编辑：sixwwwwww 2013-10-14

在 MATLAB Online 中打开

Here is the code:

syms f_sym x
f_sym = eval(input('Input function in terms of x:', 's'));
a = 1;
b = 2;         
e = 2.71828;                
tol = 1e-5;                      
da = e + a;
db = e + b;                  
count = 0;
x_val = input('Input initial value of x: ');
while (~(abs(da) < tol) && ~(abs(db) < tol))
    diffF_sym = diff(f_sym, 1);
    f = double(subs(f_sym, x, x_val));
    diffF = double(subs(diffF_sym, x, x_val));
    realF = real(f);
    realdiffF = real(diffF);
    imagF = imag(f);
    imagdiffF = imag(diffF);
    da = (realF * realdiffF + imagF * imagdiffF) / abs(diffF^2);
    db = (realF * imagdiffF - imagF * realdiffF) / abs(diffF^2);
    x_val = x_val - f / diffF;
    a = a - da;      
    b = b - db;
    count = count + 1;          
    if (count > 400)
        fprintf('Error...! Solution not converging !!! \n');
        break;
    end
end
if (count < 400)
    fprintf('The solution = '); 
    fprintf('\nNumber of iteration taken = %d\n',count);
end

I have tried it for input: x^2+log(x)*1j and it is working fine now.
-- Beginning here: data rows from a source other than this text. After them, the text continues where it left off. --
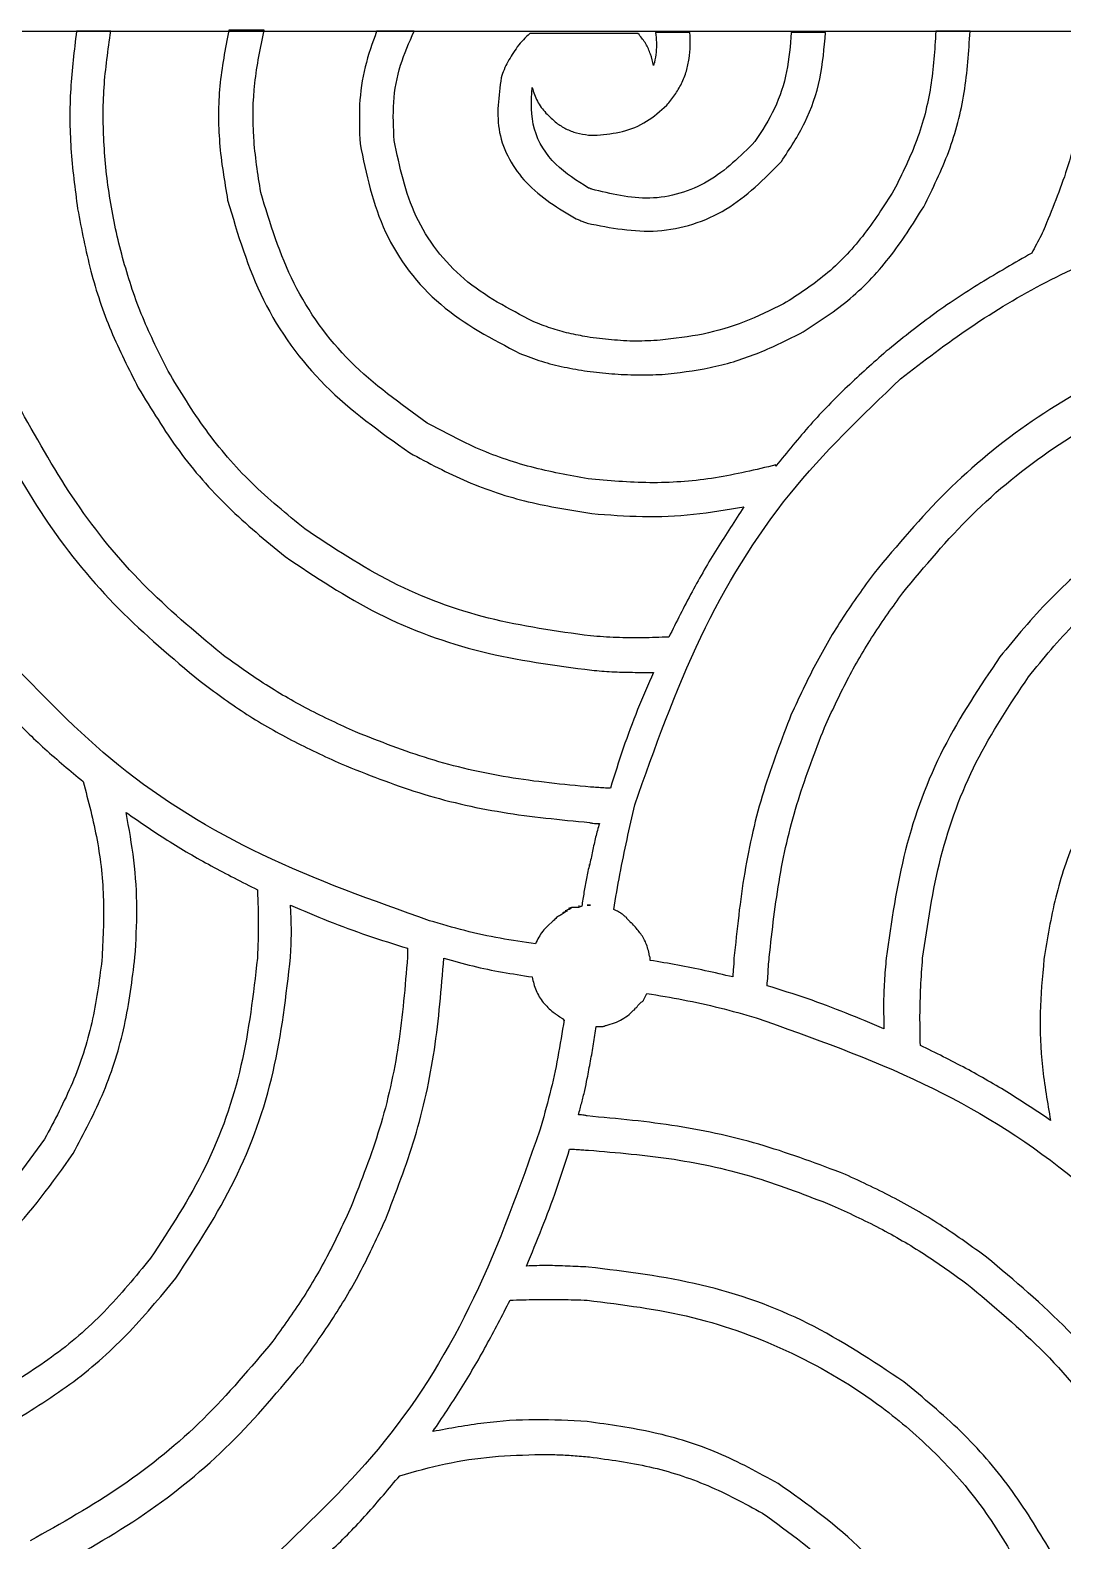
# Model space of a CAD drawing. Extents: x 0 to 371, y 0 to 260.
# Drawn here: x 42.89 to 67.66, y 223.76 to 259.98 of the extents above; entities that cross this region are included whole.
import ezdxf

# ---------------------------------------------------------------- set-up
doc = ezdxf.new("R2010")
doc.units = 0
doc.layers.add('Layer_1', color=7, linetype='CONTINUOUS')

msp = doc.modelspace()

# ---------------------------------------------------------------- linework, layer by layer
at = {"layer": 'Layer_1', "color": 7}
for points in [[(0.02646, 259.95312), (370.443122, 259.95312), (370.443122, 0.661457), (0.02646, 0.661457)], [(49.132918, 238.99802)], [(55.69169, 238.815602)], [(55.774372, 238.892084)], [(55.841034, 238.931358)], [(56.038956, 238.971665), (56.065311, 238.971665), (56.038956, 238.971665)], [(56.250313, 238.99802), (56.329894, 238.99802), (56.250313, 238.99802)], [(52.810729, 237.72833)], [(55.827083, 233.150832)], [(55.324271, 229.545884)], [(55.134618, 225.828798)]]:
    msp.add_lwpolyline(points, close=True, dxfattribs=at)
for points in [[(44.820519, 259.95333), (44.000414, 259.95333)], [(48.498331, 259.979685), (47.651355, 259.979685), (47.651355, 259.979685)], [(52.096561, 259.95333), (51.196874, 259.95333), (51.196874, 259.95333)], [(57.494164, 259.873748), (57.467293, 259.900103), (56.303539, 259.900103), (54.874686, 259.900103)], [(58.711144, 259.926458), (57.891039, 259.926458), (57.891039, 259.926458)], [(61.96521, 259.926458), (61.145104, 259.926458)], [(65.431664, 259.95333), (64.611043, 259.95333)], [(56.276668, 257.466143), (56.488541, 257.466143)], [(60.774585, 249.528644), (60.774585, 249.554998)], [(56.303539, 239.950417), (56.303539, 239.977289)], [(55.747501, 238.865728), (55.774372, 238.865728)], [(55.800727, 238.918955), (55.827083, 238.918955), (55.827083, 238.918955)], [(55.827083, 238.918955), (55.853438, 238.918955)], [(56.038956, 238.94531), (56.012085, 238.94531), (55.985729, 238.94531), (55.933019, 238.94531), (55.906664, 238.94531)], [(55.430208, 238.6275), (55.297916, 238.495209)], [(57.282291, 238.601145), (57.20271, 238.680727)], [(51.937914, 237.966042), (51.937914, 237.754685)], [(57.758747, 237.675104), (57.758747, 237.72833)], [(57.467293, 236.590415), (57.546874, 236.669997)], [(57.599585, 236.722707), (57.679166, 236.881354), (57.679166, 236.881354)], [(57.255936, 236.378542), (57.282291, 236.405414), (57.361872, 236.484479)], [(56.462186, 236.087604), (56.620833, 236.087604)]]:
    msp.add_lwpolyline(points, dxfattribs=at)
for points, knots in [([(44.000414, 259.95333), (43.943977, 259.49385), (43.829473, 258.561633), (43.837831, 257.131015), (43.963324, 256.175968), (44.026769, 255.693125)], [0, 0, 0, 0, 1.387935, 2.81592, 4.276076, 4.276076, 4.276076, 4.276076]), ([(46.196146, 251.803957), (45.982463, 252.231243), (45.557144, 253.081726), (45.107568, 254.435859), (44.795537, 255.818005), (44.63805, 257.214158), (44.627008, 258.600942), (44.756426, 259.505402), (44.820519, 259.95333)], [0, 0, 0, 0, 1.431634, 2.849562, 4.267398, 5.675833, 7.057745, 8.413612, 8.413612, 8.413612, 8.413612]), ([(47.651355, 259.979685), (47.566528, 259.535252), (47.396449, 258.644165), (47.393738, 257.265819), (47.547442, 256.361371), (47.624999, 255.904998)], [0, 0, 0, 0, 1.355403, 2.717584, 4.104984, 4.104984, 4.104984, 4.104984]), ([(48.418749, 256.09), (48.349973, 256.528654), (48.213863, 257.39677), (48.237531, 258.712755), (48.411769, 259.559181), (48.498331, 259.979685)], [0, 0, 0, 0, 1.330644, 2.633402, 3.919591, 3.919591, 3.919591, 3.919591]), ([(51.196874, 259.95333), (51.096071, 259.67185), (50.892232, 259.102656), (50.762714, 258.186808), (50.787457, 257.567965), (50.799999, 257.25427)], [0, 0, 0, 0, 0.895389, 1.810613, 2.751475, 2.751475, 2.751475, 2.751475]), ([(51.620104, 257.333852), (51.603913, 257.640846), (51.571885, 258.248119), (51.738146, 259.143103), (51.978166, 259.685688), (52.096561, 259.95333)], [0, 0, 0, 0, 0.920263, 1.820399, 2.696631, 2.696631, 2.696631, 2.696631]), ([(54.874686, 259.900103), (54.821338, 259.851893), (54.712412, 259.753456), (54.569584, 259.584808), (54.490552, 259.459353), (54.451456, 259.397292)], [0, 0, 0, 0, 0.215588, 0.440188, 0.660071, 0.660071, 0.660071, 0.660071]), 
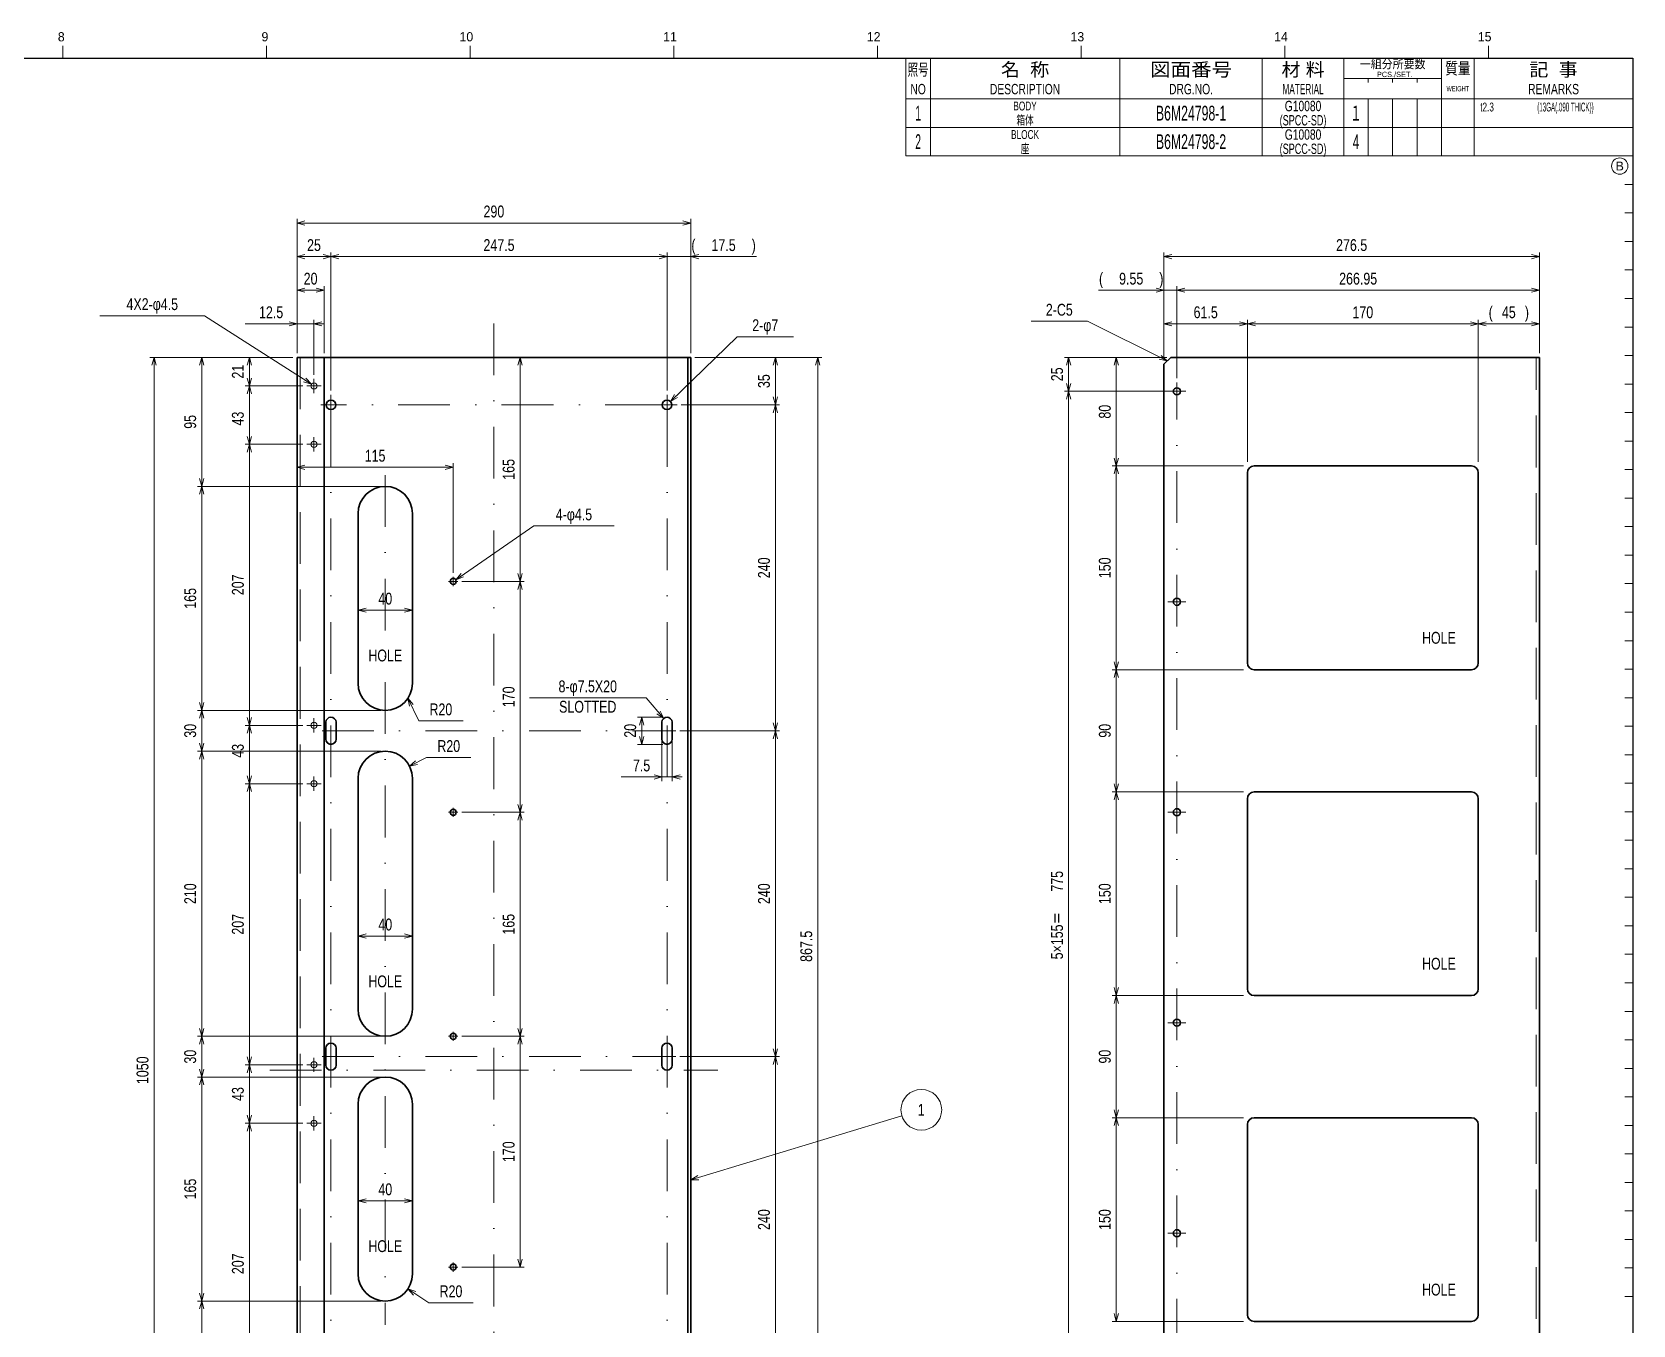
# Model space of a CAD drawing. Header units: millimetres. Extents: x 10 to 821, y 12 to 580.
# Drawn here: x 428 to 821, y 263 to 580.4 of the extents above; entities that cross this region are included whole.
import ezdxf
from ezdxf.enums import TextEntityAlignment as Align

# ---------------------------------------------------------------- set-up
doc = ezdxf.new("R2010")
doc.units = ezdxf.units.MM
doc.linetypes.add('DASHDOT', pattern=[25.3, 12.7, -6.3, 0, -6.3])
doc.linetypes.add('DASHED', pattern=[19, 12.7, -6.3])
for name, color, linetype in [('GR1_01', 7, 'Continuous'), ('GR1_02', 7, 'Continuous'), ('図面枠B6M', 7, 'Continuous'), ('表題、部品表_01', 7, 'Continuous'), ('表題、部品表_02', 7, 'Continuous'), ('表題、部品表_03', 7, 'Continuous'), ('表題、部品表_Layer1', 7, 'Continuous')]:
    doc.layers.add(name, color=color, linetype=linetype)
doc.styles.add('HG丸ｺﾞｼｯｸM-PRO', font='')
doc.styles.get('HG丸ｺﾞｼｯｸM-PRO').set_extended_font_data('HG丸ｺﾞｼｯｸM-PRO')

# ---------------------------------------------------------------- blocks, each defined once
blk = doc.blocks.new('BLKF023')
at = {"layer": '図面枠B6M', "color": 2, "linetype": 'Continuous', "lineweight": 25}
for p, q in [((35.5, 574), (821, 574)), ((821, 574), (821, 20))]:
    blk.add_line(p, q, dxfattribs=at)
at = {"layer": '図面枠B6M', "color": 4, "linetype": 'Continuous', "lineweight": 13}
for p, q in [((435.5, 577), (435.5, 574)), ((485.5, 577), (485.5, 574)), ((535.5, 577), (535.5, 574)), ((585.5, 577), (585.5, 574)), ((635.5, 577), (635.5, 574)), ((685.5, 577), (685.5, 574)), ((735.5, 577), (735.5, 574)), ((785.5, 577), (785.5, 574)), ((819, 557), (821, 557)), ((819, 550), (821, 550)), ((819, 543), (821, 543)), ((819, 536), (821, 536)), ((819, 529), (821, 529)), ((819, 522), (821, 522)), ((819, 515), (821, 515)), ((819, 508), (821, 508)), ((819, 501), (821, 501)), ((819, 494), (821, 494)), ((819, 487), (821, 487)), ((819, 480), (821, 480)), ((819, 473), (821, 473)), ((819, 466), (821, 466)), ((819, 459), (821, 459)), ((819, 452), (821, 452)), ((819, 445), (821, 445)), ((819, 438), (821, 438)), ((819, 431), (821, 431)), ((819, 424), (821, 424)), ((819, 417), (821, 417)), ((819, 410), (821, 410)), ((819, 403), (821, 403)), ((819, 396), (821, 396)), ((819, 389), (821, 389)), ((819, 382), (821, 382)), ((819, 375), (821, 375)), ((819, 368), (821, 368)), ((819, 361), (821, 361)), ((819, 354), (821, 354)), ((819, 347), (821, 347)), ((819, 340), (821, 340)), ((819, 333), (821, 333)), ((819, 326), (821, 326)), ((819, 319), (821, 319)), ((819, 312), (821, 312)), ((819, 305), (821, 305)), ((819, 298), (821, 298)), ((819, 291), (821, 291)), ((819, 284), (821, 284)), ((819, 277), (821, 277)), ((819, 270), (821, 270))]:
    blk.add_line(p, q, dxfattribs=at)
at = {"layer": '図面枠B6M', "color": 4, "linetype": 'Continuous', "lineweight": 13, "style": 'HG丸ｺﾞｼｯｸM-PRO', "width": 1.003994}
for s, height, p in [('8', 2.25, (434.29, 577.45)), ('9', 2.25, (484.29, 577.45)), ('10', 2.255, (532.9, 577.45)), ('11', 2.255, (582.9, 577.45)), ('12', 2.255, (632.9, 577.45)), ('13', 2.255, (682.9, 577.45)), ('14', 2.255, (732.9, 577.45)), ('15', 2.255, (782.9, 577.45))]:
    blk.add_text(s, height=height, dxfattribs=at).set_placement(p, align=Align.BOTTOM_LEFT)
blk = doc.blocks.new('FXTIP_ARROW_S')
at = {"color": 0, "linetype": 'Continuous', "lineweight": -2}
for q in [(-1, 0), (-0.97, 0.26), (-0.97, -0.26)]:
    blk.add_line((0, 0), q, dxfattribs=at)
blk = doc.blocks.new('FXTIP_ARROW_E')
at = {"color": 0, "linetype": 'Continuous', "lineweight": -2}
for q in [(-1, 0), (-0.97, 0.26), (-0.97, -0.26)]:
    blk.add_line((0, 0), q, dxfattribs=at)
blk = doc.blocks.new('BLKF040')
at = {"layer": '表題、部品表_02', "color": 4, "linetype": 'Continuous', "lineweight": 13}
for p, q in [((642.5, 564), (642.5, 557)), ((642.5, 564), (821, 564)), ((648.5, 564), (648.5, 557)), ((695, 564), (695, 557)), ((730, 564), (730, 557)), ((750, 564), (750, 557)), ((756, 564), (756, 557)), ((762, 564), (762, 557)), ((768, 557), (768, 564)), ((774, 564), (774, 557)), ((782, 564), (782, 557)), ((821, 564), (821, 557)), ((642.5, 557), (821, 557))]:
    blk.add_line(p, q, dxfattribs=at)
blk = doc.blocks.new('BLKF043')
at = {"layer": '表題、部品表_01', "color": 4, "linetype": 'Continuous', "lineweight": 13}
for p, q in [((642.5, 574), (642.5, 564)), ((642.5, 574), (821, 574)), ((648.5, 574), (648.5, 564)), ((695, 574), (695, 564)), ((730, 574), (730, 564)), ((750, 574), (750, 564)), ((774, 574), (774, 564)), ((782, 574), (782, 564)), ((821, 574), (821, 564)), ((750, 569), (774, 569)), ((756, 568), (756, 569)), ((762, 569), (762, 568)), ((768, 569), (768, 568)), ((642.5, 564), (821, 564))]:
    blk.add_line(p, q, dxfattribs=at)
at = {"layer": '表題、部品表_01', "color": 3, "linetype": 'Continuous', "lineweight": 35, "style": 'HG丸ｺﾞｼｯｸM-PRO'}
for s, height, width, p in [('照号', 2.909, 0.651535, (645.5, 571.2)), ('名  称', 3.273, 1.042426, (671.75, 571.2)), ('図面番号', 3.273, 1.127518, (712.5, 571.2)), ('材 料', 3.273, 1.042439, (740, 571.2)), ('一組分所要数', 2.036, 0.966638, (762, 572.5)), ('PCS./SET.', 1.309, 0.862935, (762.5, 570)), ('質量', 2.909, 0.781842, (778, 571.5)), ('記  事', 3.273, 1.042426, (801.5, 571.2)), ('NO', 2.545, 0.740841, (645.5, 566.4)), ('DESCRIPTION', 2.5455, 0.741365, (671.75, 566.4)), ('DRG.NO.', 2.545, 0.741189, (712.5, 566.4)), ('MATERIAL', 2.545, 0.594756, (740, 566.4)), ('WEIGHT', 1.309, 0.635507, (778, 566.5)), ('REMARKS', 2.545, 0.742803, (801.5, 566.4))]:
    blk.add_text(s, height=height, dxfattribs=dict(at, width=width)).set_placement(p, align=Align.MIDDLE_CENTER)
blk = doc.blocks.new('BLKF042')
at = {"layer": '表題、部品表_01', "color": 3, "linetype": 'Continuous', "lineweight": 13}
blk.add_blockref('BLKF043', (0, 0), dxfattribs=at)
blk = doc.blocks.new('BLKF044')
at = {"layer": '表題、部品表_02', "color": 4, "linetype": 'Continuous', "lineweight": 13}
for p, q in [((642.5, 557), (642.5, 550)), ((642.5, 557), (821, 557)), ((648.5, 557), (648.5, 550)), ((695, 557), (695, 550)), ((730, 557), (730, 550)), ((750, 557), (750, 550)), ((756, 557), (756, 550)), ((762, 557), (762, 550)), ((768, 550), (768, 557)), ((774, 557), (774, 550)), ((782, 557), (782, 550)), ((821, 557), (821, 550)), ((642.5, 550), (821, 550))]:
    blk.add_line(p, q, dxfattribs=at)
blk = doc.blocks.new('BLKF062')
at = {"layer": 'GR1_01', "color": 3, "linetype": 'Continuous', "lineweight": 35}
for p, q in [((707.52, 500.54), (705.85, 498.88)), ((707.52, 500.54), (798.02, 500.54)), ((798.02, 150.54), (798.02, 500.54)), ((705.85, 498.88), (705.85, 498.04)), ((705.85, 498.88), (705.85, 224.71)), ((726.35, 425.54), (726.35, 472.21)), ((728.02, 473.88), (781.35, 473.88)), ((783.02, 472.21), (783.02, 425.54)), ((781.35, 423.88), (728.02, 423.88)), ((728.02, 393.88), (781.35, 393.88)), ((726.35, 345.54), (726.35, 392.21)), ((783.02, 392.21), (783.02, 345.54)), ((781.35, 343.88), (728.02, 343.88)), ((726.35, 265.54), (726.35, 312.21)), ((728.02, 313.88), (781.35, 313.88)), ((783.02, 312.21), (783.02, 265.54)), ((781.35, 263.88), (728.02, 263.88)), ((705.85, 224.71), (705.85, 222.21)), ((705.85, 222.21), (707.52, 220.54)), ((707.52, 220.54), (710.45, 220.54)), ((710.45, 219.88), (710.45, 220.54)), ((709.68, 219.88), (709.68, 150.54)), ((709.68, 219.88), (710.45, 219.88)), ((709.68, 150.54), (798.02, 150.54))]:
    blk.add_line(p, q, dxfattribs=at)
at = {"layer": 'GR1_01', "color": 4, "linetype": 'DASHED', "lineweight": 13}
for p, q in [((797.25, 150.54), (797.25, 500.54)), ((710.45, 150.54), (710.45, 219.88)), ((709.68, 213.38), (710.45, 213.38)), ((709.68, 209.38), (710.45, 209.38)), ((709.68, 163.38), (710.45, 163.38)), ((709.68, 159.38), (710.45, 159.38))]:
    blk.add_line(p, q, dxfattribs=at)
at = {"layer": 'GR1_01', "color": 3, "linetype": 'Continuous', "lineweight": 35}
for centre in [(709.03, 492.21), (709.03, 440.54), (709.03, 388.88), (709.03, 337.21), (709.03, 285.54), (709.03, 233.88)]:
    blk.add_circle(centre, 0.867, dxfattribs=at)
for centre, start, end in [((728.02, 472.21), 90, 180), ((781.35, 472.21), 0, 90), ((728.02, 425.54), 180, 270), ((781.35, 425.54), 270, 0), ((728.02, 392.21), 90, 180), ((781.35, 392.21), 0, 90), ((728.02, 345.54), 180, 270), ((781.35, 345.54), 270, 0), ((728.02, 312.21), 90, 180), ((781.35, 312.21), 0, 90), ((728.02, 265.54), 180, 270), ((781.35, 265.54), 270, 0)]:
    blk.add_arc(centre, 1.67, start, end, dxfattribs=at)
blk = doc.blocks.new('BLKF064')
at = {"layer": 'GR1_01', "color": 3, "linetype": 'Continuous', "lineweight": 35}
for p, q in [((493.02, 150.54), (493.02, 500.54)), ((493.02, 500.54), (589.68, 500.54)), ((499.68, 499.78), (499.68, 500.54)), ((499.68, 223.04), (499.68, 500.54)), ((588.92, 498.04), (588.92, 500.54)), ((589.68, 500.54), (589.68, 224.71)), ((588.92, 498.04), (588.92, 219.88)), ((508.02, 420.54), (508.02, 462.21)), ((521.35, 420.54), (521.35, 462.21)), ((500.1, 406.79), (500.1, 410.96)), ((502.6, 406.79), (502.6, 410.96)), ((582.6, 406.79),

You can check once by yourself as well

sixwwwwww 2013-10-14

在 MATLAB Online 中打开

So here is your final code:

syms f_sym x
f_sym = eval(input('Input function in terms of x: ', 's'));
a = 1;
b = 2;         
e = 2.71828;                
tol = 1e-5;                      
da = e + a;
db = e + b;                  
count = 0;
x_val = input('Input initial value of x: ');
while (~(abs(da) < tol) && ~(abs(db) < tol))
    diffF_sym = diff(f_sym, 1);
    f = double(subs(f_sym, x, x_val));
    diffF = double(subs(diffF_sym, x, x_val));
    realF = real(f);
    realdiffF = real(diffF);
    imagF = imag(f);
    imagdiffF = imag(diffF);
    da = (realF * realdiffF + imagF * imagdiffF) / abs(diffF^2);
    db = (realF * imagdiffF - imagF * realdiffF) / abs(diffF^2);
    final_x = x_val;
    x_val = x_val - f / diffF;
    a = a - da;      
    b = b - db;
    count = count + 1;          
    if (count > 400)
        fprintf('Error...! Solution not converging !!! \n');
        break;
    end
end
if (count < 400)
    fprintf('The solution = ');
    fprintf('\nNumber of iteration taken = %d\n',count);
    fprintf(strcat('The root is  ', num2str(final_x), '\n'));
end

If you like this answer then accept the answer to help others finding the solution if they have such problem as well. Good luck!

sixwwwwww 2013-10-15

I read it. It is very complicated. Can you tell me what are the inputs and what are the outputs so that I can give you some idea. Also see the following link for initial considerations of Hnakel transform: http://www.mathworks.com/help/matlab/ref/besselh.html

unhappy 2013-10-15

ok..i knew its complicated...but once have a look in "theory of bragg fibers". you can get some idea....here outputs are Ai,bi,Ci,Di i.e in eq=14 in "multilayer method"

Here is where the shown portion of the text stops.